▶ _PROBLEM TO WORK ON_
Check each line of the data for "Inventor", and copy the ones that have it.

▶ _RECORD EXCERPTS_
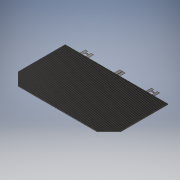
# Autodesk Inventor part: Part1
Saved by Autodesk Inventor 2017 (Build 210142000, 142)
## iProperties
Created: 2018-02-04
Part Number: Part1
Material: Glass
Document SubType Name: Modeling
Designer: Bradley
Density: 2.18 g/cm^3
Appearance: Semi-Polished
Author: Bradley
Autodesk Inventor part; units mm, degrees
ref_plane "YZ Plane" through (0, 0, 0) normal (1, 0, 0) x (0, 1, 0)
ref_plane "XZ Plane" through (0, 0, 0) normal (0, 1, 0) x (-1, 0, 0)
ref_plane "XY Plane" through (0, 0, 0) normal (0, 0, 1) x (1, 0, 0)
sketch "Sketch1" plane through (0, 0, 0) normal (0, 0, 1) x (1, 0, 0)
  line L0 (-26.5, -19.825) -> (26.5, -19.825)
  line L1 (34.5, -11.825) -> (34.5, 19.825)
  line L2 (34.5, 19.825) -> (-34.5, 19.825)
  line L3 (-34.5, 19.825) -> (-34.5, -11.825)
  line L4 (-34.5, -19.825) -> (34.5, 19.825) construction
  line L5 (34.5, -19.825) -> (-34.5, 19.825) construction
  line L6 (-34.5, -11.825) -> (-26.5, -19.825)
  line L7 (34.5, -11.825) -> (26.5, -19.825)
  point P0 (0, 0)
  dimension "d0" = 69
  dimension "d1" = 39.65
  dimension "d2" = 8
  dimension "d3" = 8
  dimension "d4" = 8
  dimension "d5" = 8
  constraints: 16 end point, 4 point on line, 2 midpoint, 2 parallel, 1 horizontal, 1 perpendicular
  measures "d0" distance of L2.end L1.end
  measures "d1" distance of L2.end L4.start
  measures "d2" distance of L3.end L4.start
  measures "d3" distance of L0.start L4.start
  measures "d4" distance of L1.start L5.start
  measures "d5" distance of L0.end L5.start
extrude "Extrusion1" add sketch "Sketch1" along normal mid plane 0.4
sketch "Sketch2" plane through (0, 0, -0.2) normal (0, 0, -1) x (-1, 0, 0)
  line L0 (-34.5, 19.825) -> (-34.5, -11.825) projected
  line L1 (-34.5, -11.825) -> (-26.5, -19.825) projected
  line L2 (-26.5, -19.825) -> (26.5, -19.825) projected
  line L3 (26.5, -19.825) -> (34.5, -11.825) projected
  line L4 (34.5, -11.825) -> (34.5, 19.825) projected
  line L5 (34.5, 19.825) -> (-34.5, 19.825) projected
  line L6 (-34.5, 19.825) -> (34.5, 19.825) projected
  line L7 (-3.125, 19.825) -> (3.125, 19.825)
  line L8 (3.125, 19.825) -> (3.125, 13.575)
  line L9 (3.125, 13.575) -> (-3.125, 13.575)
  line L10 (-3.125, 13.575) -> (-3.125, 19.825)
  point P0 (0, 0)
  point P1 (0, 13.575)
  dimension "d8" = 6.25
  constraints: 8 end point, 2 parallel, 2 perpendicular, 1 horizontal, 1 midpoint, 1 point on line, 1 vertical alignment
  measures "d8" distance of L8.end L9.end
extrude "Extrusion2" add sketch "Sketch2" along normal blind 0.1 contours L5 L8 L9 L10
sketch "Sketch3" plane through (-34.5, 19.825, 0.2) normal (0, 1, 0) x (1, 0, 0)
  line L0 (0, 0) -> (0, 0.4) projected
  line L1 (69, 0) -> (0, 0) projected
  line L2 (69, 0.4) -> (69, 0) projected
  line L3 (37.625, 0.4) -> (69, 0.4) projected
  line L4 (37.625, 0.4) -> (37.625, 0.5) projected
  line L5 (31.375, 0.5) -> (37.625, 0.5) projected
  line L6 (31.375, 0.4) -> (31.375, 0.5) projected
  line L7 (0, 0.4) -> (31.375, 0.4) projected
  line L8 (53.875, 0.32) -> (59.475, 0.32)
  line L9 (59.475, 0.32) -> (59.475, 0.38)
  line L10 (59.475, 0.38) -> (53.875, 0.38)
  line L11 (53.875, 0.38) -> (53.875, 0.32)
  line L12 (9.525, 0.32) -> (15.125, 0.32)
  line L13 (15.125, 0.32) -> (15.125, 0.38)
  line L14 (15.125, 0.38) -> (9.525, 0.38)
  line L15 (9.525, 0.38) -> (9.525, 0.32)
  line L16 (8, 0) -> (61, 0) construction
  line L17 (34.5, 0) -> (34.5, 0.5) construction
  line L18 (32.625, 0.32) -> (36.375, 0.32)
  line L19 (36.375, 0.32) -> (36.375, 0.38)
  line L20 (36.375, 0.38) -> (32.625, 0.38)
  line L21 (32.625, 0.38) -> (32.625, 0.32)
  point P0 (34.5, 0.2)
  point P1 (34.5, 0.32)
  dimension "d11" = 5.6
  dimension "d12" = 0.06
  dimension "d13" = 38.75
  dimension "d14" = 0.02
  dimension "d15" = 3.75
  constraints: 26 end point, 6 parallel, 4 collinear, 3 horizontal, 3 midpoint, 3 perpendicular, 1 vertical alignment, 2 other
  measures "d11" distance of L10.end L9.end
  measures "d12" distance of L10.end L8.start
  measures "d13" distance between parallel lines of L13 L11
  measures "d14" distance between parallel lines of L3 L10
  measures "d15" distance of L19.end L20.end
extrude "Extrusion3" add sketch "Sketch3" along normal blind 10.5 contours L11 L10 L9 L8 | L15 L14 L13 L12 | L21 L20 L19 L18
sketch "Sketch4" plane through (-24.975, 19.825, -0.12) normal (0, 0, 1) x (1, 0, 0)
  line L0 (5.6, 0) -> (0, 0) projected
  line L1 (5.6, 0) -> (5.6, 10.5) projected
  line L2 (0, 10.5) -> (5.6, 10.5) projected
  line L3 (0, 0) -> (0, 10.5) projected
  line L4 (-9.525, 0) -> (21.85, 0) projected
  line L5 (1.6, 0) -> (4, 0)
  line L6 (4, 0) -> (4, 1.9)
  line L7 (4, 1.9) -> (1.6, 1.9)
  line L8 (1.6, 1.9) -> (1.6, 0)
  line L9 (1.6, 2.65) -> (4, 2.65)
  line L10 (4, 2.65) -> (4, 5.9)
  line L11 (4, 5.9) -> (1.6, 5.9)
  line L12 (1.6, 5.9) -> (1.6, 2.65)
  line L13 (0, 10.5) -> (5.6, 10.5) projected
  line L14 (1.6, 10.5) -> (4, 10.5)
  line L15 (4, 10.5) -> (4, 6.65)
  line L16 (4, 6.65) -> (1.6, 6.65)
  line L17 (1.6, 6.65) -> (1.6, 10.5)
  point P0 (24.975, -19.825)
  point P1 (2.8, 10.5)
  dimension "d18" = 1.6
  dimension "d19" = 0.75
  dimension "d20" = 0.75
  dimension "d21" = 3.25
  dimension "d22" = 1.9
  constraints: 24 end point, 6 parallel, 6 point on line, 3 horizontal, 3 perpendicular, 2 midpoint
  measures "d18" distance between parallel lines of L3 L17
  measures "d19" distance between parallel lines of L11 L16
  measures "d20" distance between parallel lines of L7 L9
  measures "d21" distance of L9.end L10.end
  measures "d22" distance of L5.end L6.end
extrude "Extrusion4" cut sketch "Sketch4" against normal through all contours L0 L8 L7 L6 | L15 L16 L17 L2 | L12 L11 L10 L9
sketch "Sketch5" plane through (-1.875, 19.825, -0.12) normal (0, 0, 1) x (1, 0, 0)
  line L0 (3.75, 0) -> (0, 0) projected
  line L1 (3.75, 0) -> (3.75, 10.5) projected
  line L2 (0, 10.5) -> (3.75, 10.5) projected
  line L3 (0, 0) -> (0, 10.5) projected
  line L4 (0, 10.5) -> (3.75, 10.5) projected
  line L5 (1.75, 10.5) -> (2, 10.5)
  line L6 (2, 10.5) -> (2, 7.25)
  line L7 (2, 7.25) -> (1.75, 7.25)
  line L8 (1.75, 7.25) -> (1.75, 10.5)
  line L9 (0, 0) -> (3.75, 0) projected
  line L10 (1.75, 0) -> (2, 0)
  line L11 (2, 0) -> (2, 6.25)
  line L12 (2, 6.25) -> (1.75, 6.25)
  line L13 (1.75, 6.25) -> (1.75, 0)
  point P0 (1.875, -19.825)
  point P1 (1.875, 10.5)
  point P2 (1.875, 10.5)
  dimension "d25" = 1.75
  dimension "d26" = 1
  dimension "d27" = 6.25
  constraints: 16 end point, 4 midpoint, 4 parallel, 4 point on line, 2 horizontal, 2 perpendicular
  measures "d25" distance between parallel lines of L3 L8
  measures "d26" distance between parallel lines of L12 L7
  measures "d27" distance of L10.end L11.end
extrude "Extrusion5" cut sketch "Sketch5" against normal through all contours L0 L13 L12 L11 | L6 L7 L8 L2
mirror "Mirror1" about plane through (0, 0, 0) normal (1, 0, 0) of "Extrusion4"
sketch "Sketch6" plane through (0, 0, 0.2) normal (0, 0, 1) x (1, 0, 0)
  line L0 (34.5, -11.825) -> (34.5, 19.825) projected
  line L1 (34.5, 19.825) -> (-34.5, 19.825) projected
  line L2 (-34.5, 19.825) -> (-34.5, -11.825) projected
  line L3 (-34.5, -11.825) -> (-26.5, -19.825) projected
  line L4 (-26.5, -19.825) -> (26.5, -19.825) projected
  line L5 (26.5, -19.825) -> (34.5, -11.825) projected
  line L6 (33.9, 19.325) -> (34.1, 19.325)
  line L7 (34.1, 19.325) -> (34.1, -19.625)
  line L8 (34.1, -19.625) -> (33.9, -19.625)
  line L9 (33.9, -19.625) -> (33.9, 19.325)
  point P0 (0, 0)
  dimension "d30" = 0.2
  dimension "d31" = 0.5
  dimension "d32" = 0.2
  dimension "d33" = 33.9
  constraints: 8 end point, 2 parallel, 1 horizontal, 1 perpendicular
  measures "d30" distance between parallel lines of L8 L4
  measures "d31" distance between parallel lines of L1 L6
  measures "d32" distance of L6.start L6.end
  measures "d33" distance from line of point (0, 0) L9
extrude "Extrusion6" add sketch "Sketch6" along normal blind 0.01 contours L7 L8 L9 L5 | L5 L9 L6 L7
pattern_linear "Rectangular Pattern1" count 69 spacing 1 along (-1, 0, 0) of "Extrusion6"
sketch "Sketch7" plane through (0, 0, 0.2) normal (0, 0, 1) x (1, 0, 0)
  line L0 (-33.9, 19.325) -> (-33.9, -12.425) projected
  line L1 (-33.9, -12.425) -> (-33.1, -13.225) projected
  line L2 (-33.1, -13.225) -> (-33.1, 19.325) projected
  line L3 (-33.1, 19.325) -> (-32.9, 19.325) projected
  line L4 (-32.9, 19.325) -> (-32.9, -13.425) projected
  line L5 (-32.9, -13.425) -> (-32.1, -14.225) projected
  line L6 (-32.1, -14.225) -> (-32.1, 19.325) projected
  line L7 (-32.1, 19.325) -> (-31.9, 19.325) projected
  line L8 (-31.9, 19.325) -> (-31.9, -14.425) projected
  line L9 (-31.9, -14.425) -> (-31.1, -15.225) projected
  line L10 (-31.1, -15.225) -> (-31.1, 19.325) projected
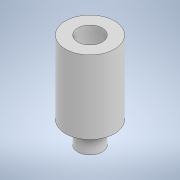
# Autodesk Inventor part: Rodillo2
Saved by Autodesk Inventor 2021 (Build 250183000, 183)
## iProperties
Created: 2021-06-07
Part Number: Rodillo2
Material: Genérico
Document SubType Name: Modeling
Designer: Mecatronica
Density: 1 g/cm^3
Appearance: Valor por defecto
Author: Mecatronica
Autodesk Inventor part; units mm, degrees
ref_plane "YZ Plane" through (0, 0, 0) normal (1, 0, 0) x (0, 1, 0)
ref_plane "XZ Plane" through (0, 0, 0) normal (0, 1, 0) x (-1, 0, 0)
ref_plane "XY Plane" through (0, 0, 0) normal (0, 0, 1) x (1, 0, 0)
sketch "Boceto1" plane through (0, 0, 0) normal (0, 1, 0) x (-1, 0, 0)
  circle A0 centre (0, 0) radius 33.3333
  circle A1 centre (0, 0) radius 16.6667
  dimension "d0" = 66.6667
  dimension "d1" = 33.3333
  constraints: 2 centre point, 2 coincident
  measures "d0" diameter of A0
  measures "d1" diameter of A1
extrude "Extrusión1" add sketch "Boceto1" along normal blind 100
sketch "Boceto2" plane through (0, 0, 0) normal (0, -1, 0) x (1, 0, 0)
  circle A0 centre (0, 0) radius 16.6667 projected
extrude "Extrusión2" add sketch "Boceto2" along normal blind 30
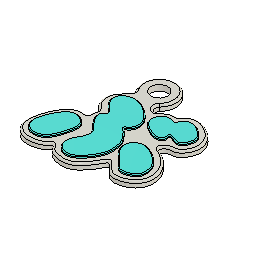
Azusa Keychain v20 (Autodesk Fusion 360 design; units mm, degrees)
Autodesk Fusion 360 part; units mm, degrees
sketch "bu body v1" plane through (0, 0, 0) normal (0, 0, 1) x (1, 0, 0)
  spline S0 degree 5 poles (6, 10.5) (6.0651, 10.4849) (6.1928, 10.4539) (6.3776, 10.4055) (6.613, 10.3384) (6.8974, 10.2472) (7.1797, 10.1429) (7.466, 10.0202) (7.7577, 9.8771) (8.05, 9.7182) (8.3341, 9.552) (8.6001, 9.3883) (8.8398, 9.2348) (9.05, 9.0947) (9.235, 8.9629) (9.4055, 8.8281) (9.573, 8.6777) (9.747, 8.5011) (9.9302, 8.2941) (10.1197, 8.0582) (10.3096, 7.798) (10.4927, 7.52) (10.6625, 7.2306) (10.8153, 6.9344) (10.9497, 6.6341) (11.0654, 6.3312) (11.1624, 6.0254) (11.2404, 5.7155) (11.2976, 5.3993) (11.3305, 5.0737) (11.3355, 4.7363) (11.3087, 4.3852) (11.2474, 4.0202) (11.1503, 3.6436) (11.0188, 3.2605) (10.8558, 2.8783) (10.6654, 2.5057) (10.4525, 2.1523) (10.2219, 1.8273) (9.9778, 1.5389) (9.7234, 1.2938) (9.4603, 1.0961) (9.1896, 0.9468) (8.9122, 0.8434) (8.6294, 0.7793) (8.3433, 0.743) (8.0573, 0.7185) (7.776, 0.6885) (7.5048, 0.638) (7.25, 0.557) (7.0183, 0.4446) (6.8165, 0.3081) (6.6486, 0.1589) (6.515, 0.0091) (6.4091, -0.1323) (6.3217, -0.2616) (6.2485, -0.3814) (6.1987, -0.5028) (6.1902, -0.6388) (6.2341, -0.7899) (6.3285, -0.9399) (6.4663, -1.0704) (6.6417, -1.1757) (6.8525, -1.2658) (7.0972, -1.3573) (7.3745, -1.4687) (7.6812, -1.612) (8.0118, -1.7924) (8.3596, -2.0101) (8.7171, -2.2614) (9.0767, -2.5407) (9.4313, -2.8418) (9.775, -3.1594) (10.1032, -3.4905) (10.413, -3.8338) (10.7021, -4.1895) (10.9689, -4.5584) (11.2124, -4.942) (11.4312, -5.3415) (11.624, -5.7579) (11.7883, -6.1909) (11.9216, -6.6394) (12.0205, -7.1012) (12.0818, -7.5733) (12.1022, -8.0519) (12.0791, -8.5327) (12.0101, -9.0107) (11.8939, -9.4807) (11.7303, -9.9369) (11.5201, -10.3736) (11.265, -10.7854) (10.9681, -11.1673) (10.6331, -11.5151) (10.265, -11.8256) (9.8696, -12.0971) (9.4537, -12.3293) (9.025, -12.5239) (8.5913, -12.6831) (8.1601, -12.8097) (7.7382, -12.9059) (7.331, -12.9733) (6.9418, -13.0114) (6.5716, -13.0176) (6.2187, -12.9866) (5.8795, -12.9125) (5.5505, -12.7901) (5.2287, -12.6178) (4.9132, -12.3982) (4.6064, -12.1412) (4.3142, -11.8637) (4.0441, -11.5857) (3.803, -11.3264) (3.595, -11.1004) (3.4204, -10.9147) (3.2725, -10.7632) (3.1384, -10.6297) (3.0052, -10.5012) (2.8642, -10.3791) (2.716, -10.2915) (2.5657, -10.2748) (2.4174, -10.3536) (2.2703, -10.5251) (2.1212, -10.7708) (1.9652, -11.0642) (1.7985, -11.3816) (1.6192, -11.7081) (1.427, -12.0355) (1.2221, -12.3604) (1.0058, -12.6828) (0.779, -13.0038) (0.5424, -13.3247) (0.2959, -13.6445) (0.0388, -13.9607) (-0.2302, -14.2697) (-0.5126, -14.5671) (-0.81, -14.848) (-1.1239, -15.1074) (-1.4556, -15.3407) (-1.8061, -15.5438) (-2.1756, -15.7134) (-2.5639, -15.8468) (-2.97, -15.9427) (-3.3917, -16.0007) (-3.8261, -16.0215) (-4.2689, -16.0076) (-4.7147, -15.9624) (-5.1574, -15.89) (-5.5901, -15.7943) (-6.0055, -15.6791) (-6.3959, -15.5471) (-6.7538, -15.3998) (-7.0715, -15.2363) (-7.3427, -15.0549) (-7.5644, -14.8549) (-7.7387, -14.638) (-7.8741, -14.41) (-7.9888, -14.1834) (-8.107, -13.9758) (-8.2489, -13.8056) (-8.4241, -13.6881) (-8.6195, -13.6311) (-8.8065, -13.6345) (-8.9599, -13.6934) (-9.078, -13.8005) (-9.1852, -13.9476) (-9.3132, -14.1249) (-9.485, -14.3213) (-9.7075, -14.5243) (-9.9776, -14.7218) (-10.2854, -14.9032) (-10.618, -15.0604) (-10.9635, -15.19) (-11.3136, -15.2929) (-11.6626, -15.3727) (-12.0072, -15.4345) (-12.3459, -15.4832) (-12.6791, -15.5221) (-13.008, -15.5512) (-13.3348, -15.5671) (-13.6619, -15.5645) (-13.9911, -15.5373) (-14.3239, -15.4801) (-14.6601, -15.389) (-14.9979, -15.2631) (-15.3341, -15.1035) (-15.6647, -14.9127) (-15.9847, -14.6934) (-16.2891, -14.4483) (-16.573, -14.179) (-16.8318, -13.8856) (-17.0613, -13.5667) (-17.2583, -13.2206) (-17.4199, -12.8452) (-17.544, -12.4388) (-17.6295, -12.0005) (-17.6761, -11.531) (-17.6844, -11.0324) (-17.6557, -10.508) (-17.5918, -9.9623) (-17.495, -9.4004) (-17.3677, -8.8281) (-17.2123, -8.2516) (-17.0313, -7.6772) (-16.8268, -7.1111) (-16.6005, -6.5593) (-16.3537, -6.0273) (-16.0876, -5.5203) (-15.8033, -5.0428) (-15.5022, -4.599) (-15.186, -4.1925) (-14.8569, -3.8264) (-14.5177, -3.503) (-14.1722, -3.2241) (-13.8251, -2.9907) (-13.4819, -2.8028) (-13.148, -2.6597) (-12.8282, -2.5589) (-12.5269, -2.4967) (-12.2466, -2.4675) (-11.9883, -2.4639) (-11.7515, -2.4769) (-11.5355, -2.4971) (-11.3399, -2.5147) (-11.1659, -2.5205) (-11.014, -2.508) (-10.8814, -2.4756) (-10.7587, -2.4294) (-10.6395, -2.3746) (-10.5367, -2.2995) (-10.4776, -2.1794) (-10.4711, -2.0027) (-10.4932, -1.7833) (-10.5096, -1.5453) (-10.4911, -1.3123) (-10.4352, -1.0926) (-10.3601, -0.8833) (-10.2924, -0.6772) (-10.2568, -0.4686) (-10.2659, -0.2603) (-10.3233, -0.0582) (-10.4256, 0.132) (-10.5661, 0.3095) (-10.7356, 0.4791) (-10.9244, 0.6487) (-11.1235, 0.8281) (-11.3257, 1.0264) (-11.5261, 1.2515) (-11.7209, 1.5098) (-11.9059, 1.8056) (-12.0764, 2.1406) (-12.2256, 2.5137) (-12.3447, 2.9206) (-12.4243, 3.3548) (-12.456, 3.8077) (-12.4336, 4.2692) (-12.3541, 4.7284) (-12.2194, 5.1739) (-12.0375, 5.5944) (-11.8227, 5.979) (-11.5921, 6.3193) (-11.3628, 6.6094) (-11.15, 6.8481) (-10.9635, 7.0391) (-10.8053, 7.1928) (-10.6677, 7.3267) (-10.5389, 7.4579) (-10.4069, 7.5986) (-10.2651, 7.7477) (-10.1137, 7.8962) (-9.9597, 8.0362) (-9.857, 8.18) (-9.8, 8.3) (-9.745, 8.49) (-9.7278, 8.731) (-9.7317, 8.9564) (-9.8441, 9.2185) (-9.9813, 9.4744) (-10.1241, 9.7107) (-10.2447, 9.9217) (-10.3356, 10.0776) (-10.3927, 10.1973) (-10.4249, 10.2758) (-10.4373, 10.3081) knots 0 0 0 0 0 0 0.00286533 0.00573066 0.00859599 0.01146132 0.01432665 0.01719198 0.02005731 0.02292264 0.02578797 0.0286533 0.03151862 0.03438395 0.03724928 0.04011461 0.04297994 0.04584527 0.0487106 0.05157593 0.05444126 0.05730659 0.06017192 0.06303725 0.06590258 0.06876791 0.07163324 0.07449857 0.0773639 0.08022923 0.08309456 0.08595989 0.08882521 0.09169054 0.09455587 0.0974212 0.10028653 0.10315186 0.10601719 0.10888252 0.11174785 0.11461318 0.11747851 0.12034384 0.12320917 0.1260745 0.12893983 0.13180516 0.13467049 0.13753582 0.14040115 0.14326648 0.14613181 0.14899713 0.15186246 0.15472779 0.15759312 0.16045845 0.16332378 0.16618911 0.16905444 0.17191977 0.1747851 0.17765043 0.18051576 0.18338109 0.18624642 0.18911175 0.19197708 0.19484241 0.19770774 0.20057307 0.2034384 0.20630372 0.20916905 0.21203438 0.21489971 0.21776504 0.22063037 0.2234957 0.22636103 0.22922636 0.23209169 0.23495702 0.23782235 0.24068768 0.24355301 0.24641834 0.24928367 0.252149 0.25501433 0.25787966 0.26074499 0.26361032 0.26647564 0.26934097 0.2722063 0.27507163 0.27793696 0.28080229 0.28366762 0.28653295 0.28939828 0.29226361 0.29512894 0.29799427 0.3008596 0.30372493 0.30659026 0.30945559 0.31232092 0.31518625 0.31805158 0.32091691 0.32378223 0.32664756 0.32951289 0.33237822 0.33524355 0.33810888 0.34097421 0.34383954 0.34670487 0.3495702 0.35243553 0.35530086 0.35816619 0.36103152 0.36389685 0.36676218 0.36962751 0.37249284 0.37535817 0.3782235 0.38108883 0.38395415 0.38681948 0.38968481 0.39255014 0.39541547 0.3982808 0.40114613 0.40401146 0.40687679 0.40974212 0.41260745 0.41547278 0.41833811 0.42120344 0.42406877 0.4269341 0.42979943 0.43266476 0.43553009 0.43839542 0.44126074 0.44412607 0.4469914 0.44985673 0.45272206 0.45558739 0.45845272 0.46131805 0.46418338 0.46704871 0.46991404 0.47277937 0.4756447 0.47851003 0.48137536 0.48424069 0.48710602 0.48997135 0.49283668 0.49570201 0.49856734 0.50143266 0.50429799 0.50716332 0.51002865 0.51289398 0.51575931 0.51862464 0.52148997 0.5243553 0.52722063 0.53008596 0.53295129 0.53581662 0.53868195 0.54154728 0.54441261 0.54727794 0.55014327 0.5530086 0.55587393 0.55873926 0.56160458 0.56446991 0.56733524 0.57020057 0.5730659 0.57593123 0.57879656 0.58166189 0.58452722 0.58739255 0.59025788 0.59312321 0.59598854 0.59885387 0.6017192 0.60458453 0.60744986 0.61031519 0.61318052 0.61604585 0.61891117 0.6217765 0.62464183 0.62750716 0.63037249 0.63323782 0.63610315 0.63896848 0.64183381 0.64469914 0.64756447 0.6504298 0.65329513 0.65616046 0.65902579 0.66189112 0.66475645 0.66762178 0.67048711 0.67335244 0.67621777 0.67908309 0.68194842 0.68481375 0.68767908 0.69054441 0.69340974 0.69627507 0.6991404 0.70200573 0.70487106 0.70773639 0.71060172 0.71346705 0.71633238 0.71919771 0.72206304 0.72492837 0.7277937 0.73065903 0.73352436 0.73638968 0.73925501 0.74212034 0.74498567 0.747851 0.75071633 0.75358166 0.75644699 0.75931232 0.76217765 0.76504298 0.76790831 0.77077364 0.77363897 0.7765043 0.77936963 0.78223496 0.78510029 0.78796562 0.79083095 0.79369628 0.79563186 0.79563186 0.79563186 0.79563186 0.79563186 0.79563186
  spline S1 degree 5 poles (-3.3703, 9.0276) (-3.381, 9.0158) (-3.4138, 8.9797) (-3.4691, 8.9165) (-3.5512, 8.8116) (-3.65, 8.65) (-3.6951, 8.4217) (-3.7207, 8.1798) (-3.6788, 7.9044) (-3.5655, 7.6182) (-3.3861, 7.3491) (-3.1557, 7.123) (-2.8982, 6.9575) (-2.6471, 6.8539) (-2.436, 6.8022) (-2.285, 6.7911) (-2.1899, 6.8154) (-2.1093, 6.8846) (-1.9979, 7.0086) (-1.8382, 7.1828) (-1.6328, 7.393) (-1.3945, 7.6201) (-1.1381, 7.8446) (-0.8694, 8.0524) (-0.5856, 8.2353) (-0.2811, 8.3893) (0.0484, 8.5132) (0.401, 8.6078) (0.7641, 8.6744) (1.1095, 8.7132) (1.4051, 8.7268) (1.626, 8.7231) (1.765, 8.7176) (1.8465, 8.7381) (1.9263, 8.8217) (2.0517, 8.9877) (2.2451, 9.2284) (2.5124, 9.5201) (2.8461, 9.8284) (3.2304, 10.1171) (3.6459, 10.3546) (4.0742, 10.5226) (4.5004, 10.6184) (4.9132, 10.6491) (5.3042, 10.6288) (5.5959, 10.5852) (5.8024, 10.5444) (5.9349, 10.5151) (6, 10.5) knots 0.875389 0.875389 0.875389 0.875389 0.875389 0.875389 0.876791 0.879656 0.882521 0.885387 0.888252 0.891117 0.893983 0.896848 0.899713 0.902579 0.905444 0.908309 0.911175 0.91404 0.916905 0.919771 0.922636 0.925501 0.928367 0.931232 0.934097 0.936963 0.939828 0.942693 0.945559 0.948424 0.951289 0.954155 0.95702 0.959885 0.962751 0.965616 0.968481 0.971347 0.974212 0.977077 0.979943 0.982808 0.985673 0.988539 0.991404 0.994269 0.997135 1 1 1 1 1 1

▶ _ANSWER BELOW_
# Autodesk Inventor part: Part1
Saved by Autodesk Inventor 2017 (Build 210142000, 142)
Autodesk Inventor part; units mm, degrees
# Autodesk Inventor part: Rodillo2
Saved by Autodesk Inventor 2021 (Build 250183000, 183)
Autodesk Inventor part; units mm, degrees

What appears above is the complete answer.